On Sunday, 22 July 1973, American artist Mierle Laderman Ukeles cleaned the front steps and courtyard of Hartford’s Wadsworth Atheneum during her now considered canonical performance, Hartford Wash : Washing, Tracks, Maintenance : Outside. While at the Wadsworth, Ukeles also spent four hours inside the museum washing its floors (Hartford Wash : Washing Tracks, Maintenance : Inside, also performed that day), dusting a display case (Transfer : The Maintenance of the Art Object, on Friday, 20 July 1973), and temporarily locking different doors in the museum during opening hours (The Keeping of the Keys : Maintenance as Security, on Friday, 20 July 1973).

Four decades later, on Saturday, 11 January 2014, I found myself thinking back to Ukeles’ performance as I helped to document a performance on Rabat’s avenue Mohamed V outside of L’appartement 22 (1). Entitled Spring Cleaning, this seven-hour long performance was an initiative of Women With Talents (WWT), an open but women-only collective founded in summer 2013 by Athens-based artists Georgia Kotretsos and Natasha Papadopoulou, joined in Rabat by artist Touda Bouanani (2). By 9:15 am that morning, I was drinking coffee with Georgia and Natasha as we waited for Touda and Maud Houssais, one of L’appartement 22’s coordinators. We sat outside of the café below L’appartement 22, where Georgia is currently an artist-in-residency, surrounded by four foot tall, rolled up cardboard stencils and blue buckets of cleaning supplies and with our view of the soon-to-be performance space partially obscured by the wide columns that support the street’s covered sidewalk, a relic of colonial-era French urbanism. Rabat is a quiet city, despite—or perhaps as a result of—being the capital and this early on a Saturday, the café and street were nearly empty. Those pedestrians who did pass by threw funny looks our way. This might have been because Georgia and Natasha were clad in oversized, slightly translucent, grey coveralls complete with pockets and hoods, like a HAZMAT suit made out of hospital gowns. But then again, three women sitting outside of a café can be reason enough to attract the attention of male pedestrians.

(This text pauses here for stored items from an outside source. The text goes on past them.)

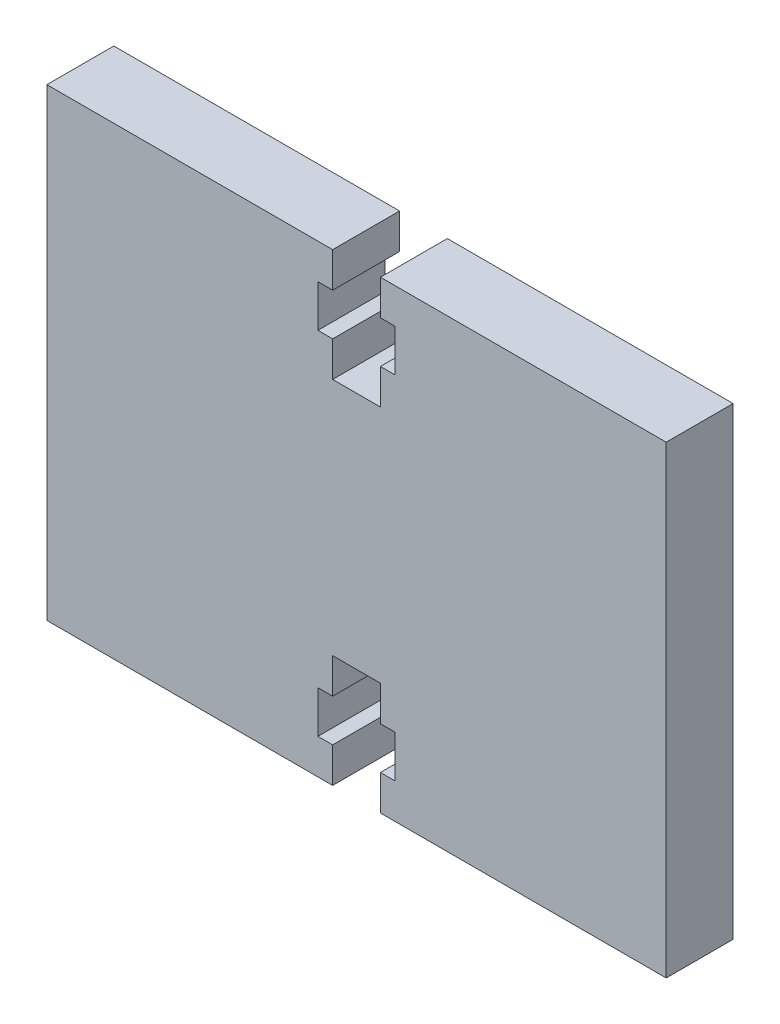
ISO-10303-21;
HEADER;
FILE_DESCRIPTION(('STEP AP214'),'2;1');
FILE_NAME('part.step','',(''),(''),'','','');
FILE_SCHEMA(('AUTOMOTIVE_DESIGN { 1 0 10303 214 1 1 1 1 }'));
ENDSEC;
DATA;
#1=APPLICATION_CONTEXT('core data for automotive mechanical design processes');
#2=APPLICATION_PROTOCOL_DEFINITION('international standard','automotive_design',2000,#1);
#3=PRODUCT_CONTEXT('',#1,'mechanical');
#4=PRODUCT('Part','Part','',(#3));
#5=PRODUCT_RELATED_PRODUCT_CATEGORY('part','',(#4));
#6=PRODUCT_DEFINITION_FORMATION('','',#4);
#7=PRODUCT_DEFINITION_CONTEXT('part definition',#1,'design');
#8=PRODUCT_DEFINITION('design','',#6,#7);
#9=PRODUCT_DEFINITION_SHAPE('','',#8);
#10=(LENGTH_UNIT() NAMED_UNIT(*) SI_UNIT(.MILLI.,.METRE.));
#11=(NAMED_UNIT(*) PLANE_ANGLE_UNIT() SI_UNIT($,.RADIAN.));
#12=(NAMED_UNIT(*) SI_UNIT($,.STERADIAN.) SOLID_ANGLE_UNIT());
#13=UNCERTAINTY_MEASURE_WITH_UNIT(LENGTH_MEASURE(1.E-05),#10,'distance_accuracy_value','');
#14=(GEOMETRIC_REPRESENTATION_CONTEXT(3) GLOBAL_UNCERTAINTY_ASSIGNED_CONTEXT((#13)) GLOBAL_UNIT_ASSIGNED_CONTEXT((#10,
#11,#12)) REPRESENTATION_CONTEXT('',''));
#15=CARTESIAN_POINT('',(0.,0.,0.));
#16=DIRECTION('',(0.,0.,1.));
#17=DIRECTION('',(1.,0.,0.));
#18=AXIS2_PLACEMENT_3D('',#15,#16,#17);
#19=CARTESIAN_POINT('',(1.69999999999999,16.51,4.7625));
#20=DIRECTION('',(0.,-1.,0.));
#21=DIRECTION('',(0.,0.,-1.));
#22=AXIS2_PLACEMENT_3D('',#19,#20,#21);
#23=PLANE('',#22);
#24=DIRECTION('',(-1.,0.,0.));
#25=VECTOR('',#24,1.);
#26=CARTESIAN_POINT('',(1.69999999999999,16.51,0.));
#27=LINE('',#26,#25);
#28=CARTESIAN_POINT('',(22.0345,16.51,0.));
#29=VERTEX_POINT('',#28);
#30=CARTESIAN_POINT('',(1.69999999999999,16.51,0.));
#31=VERTEX_POINT('',#30);
#32=EDGE_CURVE('E250',#29,#31,#27,.T.);
#33=ORIENTED_EDGE('',*,*,#32,.T.);
#34=DIRECTION('',(0.,0.,-1.));
#35=VECTOR('',#34,1.);
#36=CARTESIAN_POINT('',(1.69999999999999,16.51,4.7625));
#37=LINE('',#36,#35);
#38=CARTESIAN_POINT('',(1.69999999999999,16.51,4.7625));
#39=VERTEX_POINT('',#38);
#40=EDGE_CURVE('E11',#39,#31,#37,.T.);
#41=ORIENTED_EDGE('',*,*,#40,.F.);
#42=DIRECTION('',(-1.,0.,0.));
#43=VECTOR('',#42,1.);
#44=CARTESIAN_POINT('',(1.69999999999999,16.51,4.7625));
#45=LINE('',#44,#43);
#46=CARTESIAN_POINT('',(22.0345,16.51,4.7625));
#47=VERTEX_POINT('',#46);
#48=EDGE_CURVE('E309',#47,#39,#45,.T.);
#49=ORIENTED_EDGE('',*,*,#48,.F.);
#50=DIRECTION('',(0.,0.,-1.));
#51=VECTOR('',#50,1.);
#52=CARTESIAN_POINT('',(22.0345,16.51,4.7625));
#53=LINE('',#52,#51);
#54=EDGE_CURVE('E246',#47,#29,#53,.T.);
#55=ORIENTED_EDGE('',*,*,#54,.T.);
#56=EDGE_LOOP('',(#33,#41,#49,#55));
#57=FACE_BOUND('',#56,.T.);
#58=ADVANCED_FACE('F34',(#57),#23,.F.);
#59=CARTESIAN_POINT('',(1.69999999999999,16.51,4.7625));
#60=DIRECTION('',(1.,0.,0.));
#61=DIRECTION('',(0.,1.,0.));
#62=AXIS2_PLACEMENT_3D('',#59,#60,#61);
#63=PLANE('',#62);
#64=DIRECTION('',(0.,-1.,0.));
#65=VECTOR('',#64,1.);
#66=CARTESIAN_POINT('',(1.69999999999999,16.51,0.));
#67=LINE('',#66,#65);
#68=CARTESIAN_POINT('',(1.69999999999999,14.01,0.));
#69=VERTEX_POINT('',#68);
#70=EDGE_CURVE('E253',#31,#69,#67,.T.);
#71=ORIENTED_EDGE('',*,*,#70,.T.);
#72=DIRECTION('',(0.,0.,-1.));
#73=VECTOR('',#72,1.);
#74=CARTESIAN_POINT('',(1.69999999999999,14.01,4.7625));
#75=LINE('',#74,#73);
#76=CARTESIAN_POINT('',(1.69999999999999,14.01,4.7625));
#77=VERTEX_POINT('',#76);
#78=EDGE_CURVE('E42',#77,#69,#75,.T.);
#79=ORIENTED_EDGE('',*,*,#78,.F.);
#80=DIRECTION('',(0.,-1.,0.));
#81=VECTOR('',#80,1.);
#82=CARTESIAN_POINT('',(1.69999999999999,16.51,4.7625));
#83=LINE('',#82,#81);
#84=EDGE_CURVE('E153',#39,#77,#83,.T.);
#85=ORIENTED_EDGE('',*,*,#84,.F.);
#86=ORIENTED_EDGE('',*,*,#40,.T.);
#87=EDGE_LOOP('',(#71,#79,#85,#86));
#88=FACE_BOUND('',#87,.T.);
#89=ADVANCED_FACE('F474',(#88),#63,.F.);
#90=CARTESIAN_POINT('',(1.69999999999999,14.01,4.7625));
#91=DIRECTION('',(0.,1.,0.));
#92=DIRECTION('',(0.,0.,1.));
#93=AXIS2_PLACEMENT_3D('',#90,#91,#92);
#94=PLANE('',#93);
#95=DIRECTION('',(1.,0.,0.));
#96=VECTOR('',#95,1.);
#97=CARTESIAN_POINT('',(1.69999999999999,14.01,0.));
#98=LINE('',#97,#96);
#99=CARTESIAN_POINT('',(2.74999999999999,14.01,0.));
#100=VERTEX_POINT('',#99);
#101=EDGE_CURVE('E255',#69,#100,#98,.T.);
#102=ORIENTED_EDGE('',*,*,#101,.T.);
#103=DIRECTION('',(0.,0.,-1.));
#104=VECTOR('',#103,1.);
#105=CARTESIAN_POINT('',(2.74999999999999,14.01,4.7625));
#106=LINE('',#105,#104);
#107=CARTESIAN_POINT('',(2.74999999999999,14.01,4.7625));
#108=VERTEX_POINT('',#107);
#109=EDGE_CURVE('E379',#108,#100,#106,.T.);
#110=ORIENTED_EDGE('',*,*,#109,.F.);
#111=DIRECTION('',(1.,0.,0.));
#112=VECTOR('',#111,1.);
#113=CARTESIAN_POINT('',(1.69999999999999,14.01,4.7625));
#114=LINE('',#113,#112);
#115=EDGE_CURVE('E387',#77,#108,#114,.T.);
#116=ORIENTED_EDGE('',*,*,#115,.F.);
#117=ORIENTED_EDGE('',*,*,#78,.T.);
#118=EDGE_LOOP('',(#102,#110,#116,#117));
#119=FACE_BOUND('',#118,.T.);
#120=ADVANCED_FACE('F385',(#119),#94,.F.);
#121=CARTESIAN_POINT('',(2.74999999999999,14.01,4.7625));
#122=DIRECTION('',(1.,0.,0.));
#123=DIRECTION('',(0.,0.,-1.));
#124=AXIS2_PLACEMENT_3D('',#121,#122,#123);
#125=PLANE('',#124);
#126=DIRECTION('',(0.,-1.,0.));
#127=VECTOR('',#126,1.);
#128=CARTESIAN_POINT('',(2.74999999999999,14.01,0.));
#129=LINE('',#128,#127);
#130=CARTESIAN_POINT('',(2.74999999999999,11.01,0.));
#131=VERTEX_POINT('',#130);
#132=EDGE_CURVE('E257',#100,#131,#129,.T.);
#133=ORIENTED_EDGE('',*,*,#132,.T.);
#134=DIRECTION('',(0.,0.,-1.));
#135=VECTOR('',#134,1.);
#136=CARTESIAN_POINT('',(2.74999999999999,11.01,4.7625));
#137=LINE('',#136,#135);
#138=CARTESIAN_POINT('',(2.74999999999999,11.01,4.7625));
#139=VERTEX_POINT('',#138);
#140=EDGE_CURVE('E376',#139,#131,#137,.T.);
#141=ORIENTED_EDGE('',*,*,#140,.F.);
#142=DIRECTION('',(0.,-1.,0.));
#143=VECTOR('',#142,1.);
#144=CARTESIAN_POINT('',(2.74999999999999,14.01,4.7625));
#145=LINE('',#144,#143);
#146=EDGE_CURVE('E405',#108,#139,#145,.T.);
#147=ORIENTED_EDGE('',*,*,#146,.F.);
#148=ORIENTED_EDGE('',*,*,#109,.T.);
#149=EDGE_LOOP('',(#133,#141,#147,#148));
#150=FACE_BOUND('',#149,.T.);
#151=ADVANCED_FACE('F396',(#150),#125,.F.);
#152=CARTESIAN_POINT('',(2.74999999999999,11.01,4.7625));
#153=DIRECTION('',(0.,-1.,0.));
#154=DIRECTION('',(0.,0.,-1.));
#155=AXIS2_PLACEMENT_3D('',#152,#153,#154);
#156=PLANE('',#155);
#157=DIRECTION('',(-1.,0.,0.));
#158=VECTOR('',#157,1.);
#159=CARTESIAN_POINT('',(2.74999999999999,11.01,0.));
#160=LINE('',#159,#158);
#161=CARTESIAN_POINT('',(1.69999999999999,11.01,0.));
#162=VERTEX_POINT('',#161);
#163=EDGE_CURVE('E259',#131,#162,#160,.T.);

Twenty minutes later, Maud had arrived and we were both upstairs at L’appartement 22 in order to take photographs and set up Natasha’s pocket-sized HD camera on the balcony. With their stencil and bucket cargo under arm and in hand, Georgia and Natasha strode across the street to reach the center palm tree-lined median bookmarked by fountains. Once there, they began to unroll the first two words of the day : as-saha (health in Arabic) and κάθαρσις (catharsis in Greek). Using the stencils, they outlined both words with white chalk. They then rolled the stencils back up, put them aside, and began to brush special marble cleaner made in Italy and brought by the artists from Greece onto the taupe stone. Fifteen minutes later, Touda arrived, changed into her jumpsuit, and headed to the fountain. It was then that everything stopped. On a street more known for the protesters who march almost daily to Parliament, for being frequently shut down to automotive traffic for official state visits, and for the incessant frimeurs (flirts) trying to pick up any female pedestrian in earshot with calls of “ça va ?” these three women scrubbing the ground in the name of art was far from business as usual.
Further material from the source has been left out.